Federal Treasurer Scott Morrison’s second budget has laid the foundations for a big spend on infrastructure, including roads, rail and Sydney’s second international airport.
In the 2017/18 Federal Budget handed down last night, Mr Morrison promised a $70 billion infrastructure spend over seven years, of which $10 billion will support rail projects and $5.3 billion will fund the Badgerys Creek airport.
A study for Melbourne’s craved airport rail link forms part of the rail spend, but the bulk ($8.4 billion) is destined for the Melbourne-Brisbane rail project to ease the burden on the Newell Highway.
Queensland’s Bruce Highway gets an $844 million boost, and a half-billion dollar regional growth package will fund smaller road projects.
So what else is in the 2017/18 budget?
Small businesses can still write off $20,000 investments.
This was big news in 2015, and frankly we didn’t expect the Turnbull Government to persist with a convenient scheme for small businesses (those that turn over less than $10 million per year) to instantly write off the costs of assets worth up to $20,000. That’s good news for companies that want to buy a new (or used) vehicle, particularly as end-of-financial-year sales are just around the corner.
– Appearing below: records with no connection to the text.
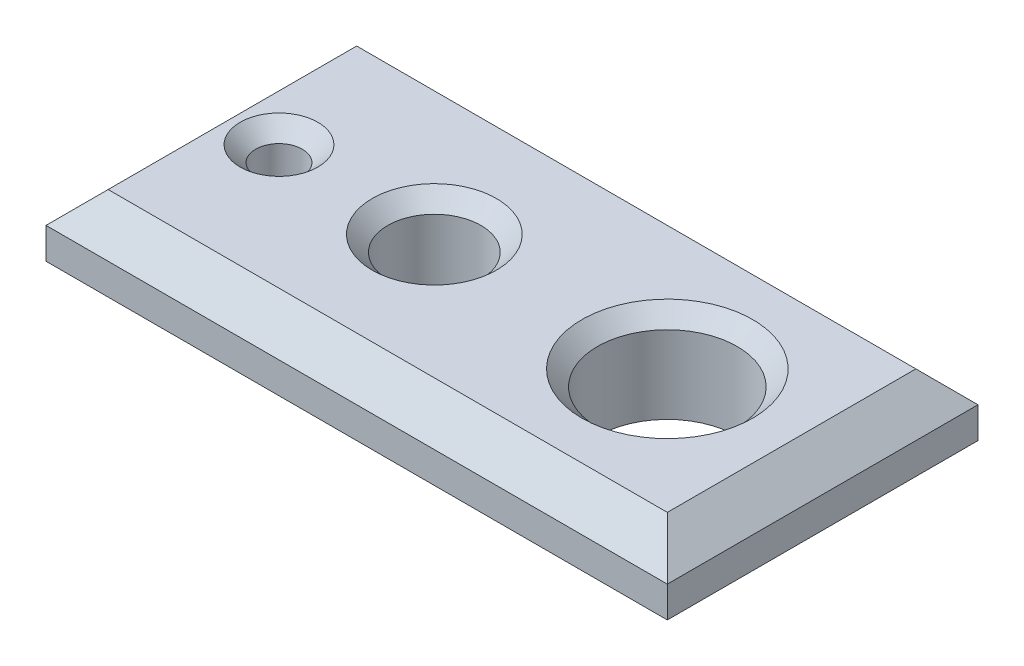
SolidWorks part; units mm, degrees
ref_plane "Front Plane" through (0, 0, 0) normal (0, 0, 1) x (1, 0, 0)
ref_plane "Top Plane" through (0, 0, 0) normal (0, 1, 0) x (1, 0, 0)
ref_plane "Right Plane" through (0, 0, 0) normal (1, 0, 0) x (0, 0, -1)
sketch "Sketch1" plane through (0, 0, 0) normal (0, 1, 0) x (1, 0, 0)
  line L1 (-100, 50) -> (100, 50)
  line L2 (-100, 50) -> (-100, -50)
  line L3 (-100, -50) -> (100, -50)
  line L4 (100, 50) -> (100, -50)
  line L5 (0, -50) -> (0, 50) construction
  line L6 (-100, 0) -> (100, 0) construction
  point P0 (0, 0)
  dimension "D1" = 200
  dimension "D2" = 100
extrude "Boss-Extrude1" add sketch "Sketch1" along normal blind 30
chamfer "Chamfer1" distance 10 angle 45 8 edges at (0, 0, 50) (-100, 0, 0) (0, 0, -50) (100, 0, 0) (100, 30, 0) (0, 30, -50) (-100, 30, 0) (0, 30, 50)
sketch "Sketch2" plane through (0, 30, 0) normal (0, 1, 0) x (1, 0, 0)
  line L0 (-100, -50) -> (-100, 50) construction
  circle A0 centre (-75, 0) radius 7.5
  circle A1 centre (-25, 0) radius 15
  circle A2 centre (50, 0) radius 22.5
  dimension "D2" = 15
  dimension "D4" = 30
  dimension "D6" = 45
  dimension "D1" = 25
  dimension "D3" = 50
  dimension "D5" = 75
extrude "Cut-Extrude1" cut sketch "Sketch2" against normal through all
chamfer "Chamfer3" distance 5 angle 45 3 edges at (-75, 30, 7.5) (-25, 30, 15) (50, 30, 22.5)

Fresh Funds For Driver Education
The Australian Government has committed to new support for the Keys2Drive learner driver scheme, chipping in $16 million over four years from July 2017. The program will be reworked to make it more attractive to drivers in regional areas, delivering a free driving lesson to learner drivers and their parents or mentors. It’s not a lot of cash, but it’s something.
The Government Expects To See A Reduction In Car Sales
This is an interesting one. Treasury estimates have a somewhat bleak outlook for the future of luxury car sales in Australia. Luxury Car Tax revenue is predicted to drop from $660 million in 2015-16 to $650m in the current financial year and $640m in 2018-19. That’s not a massive amount (it’s roughly equivalent to a reduction of 2000 sales of vehicles priced at $100,000 or so), but it may point to potential increases in interest rates and a reduction in buyer confidence that could make people less likely to treat themselves to new wheels.
On a similar note, the government expects to see a $10 million drop in vehicle import duty revenue this year, following industry predictions that the new car market won’t match the record high of 2016.
Besides the Bruce Highway, Western Australians will soon enjoy better access to the Fiona Stanley Hospital precinct and Sydney’s second international airport should eventually ease congestion around the existing Kingsford Smith facility in Mascot.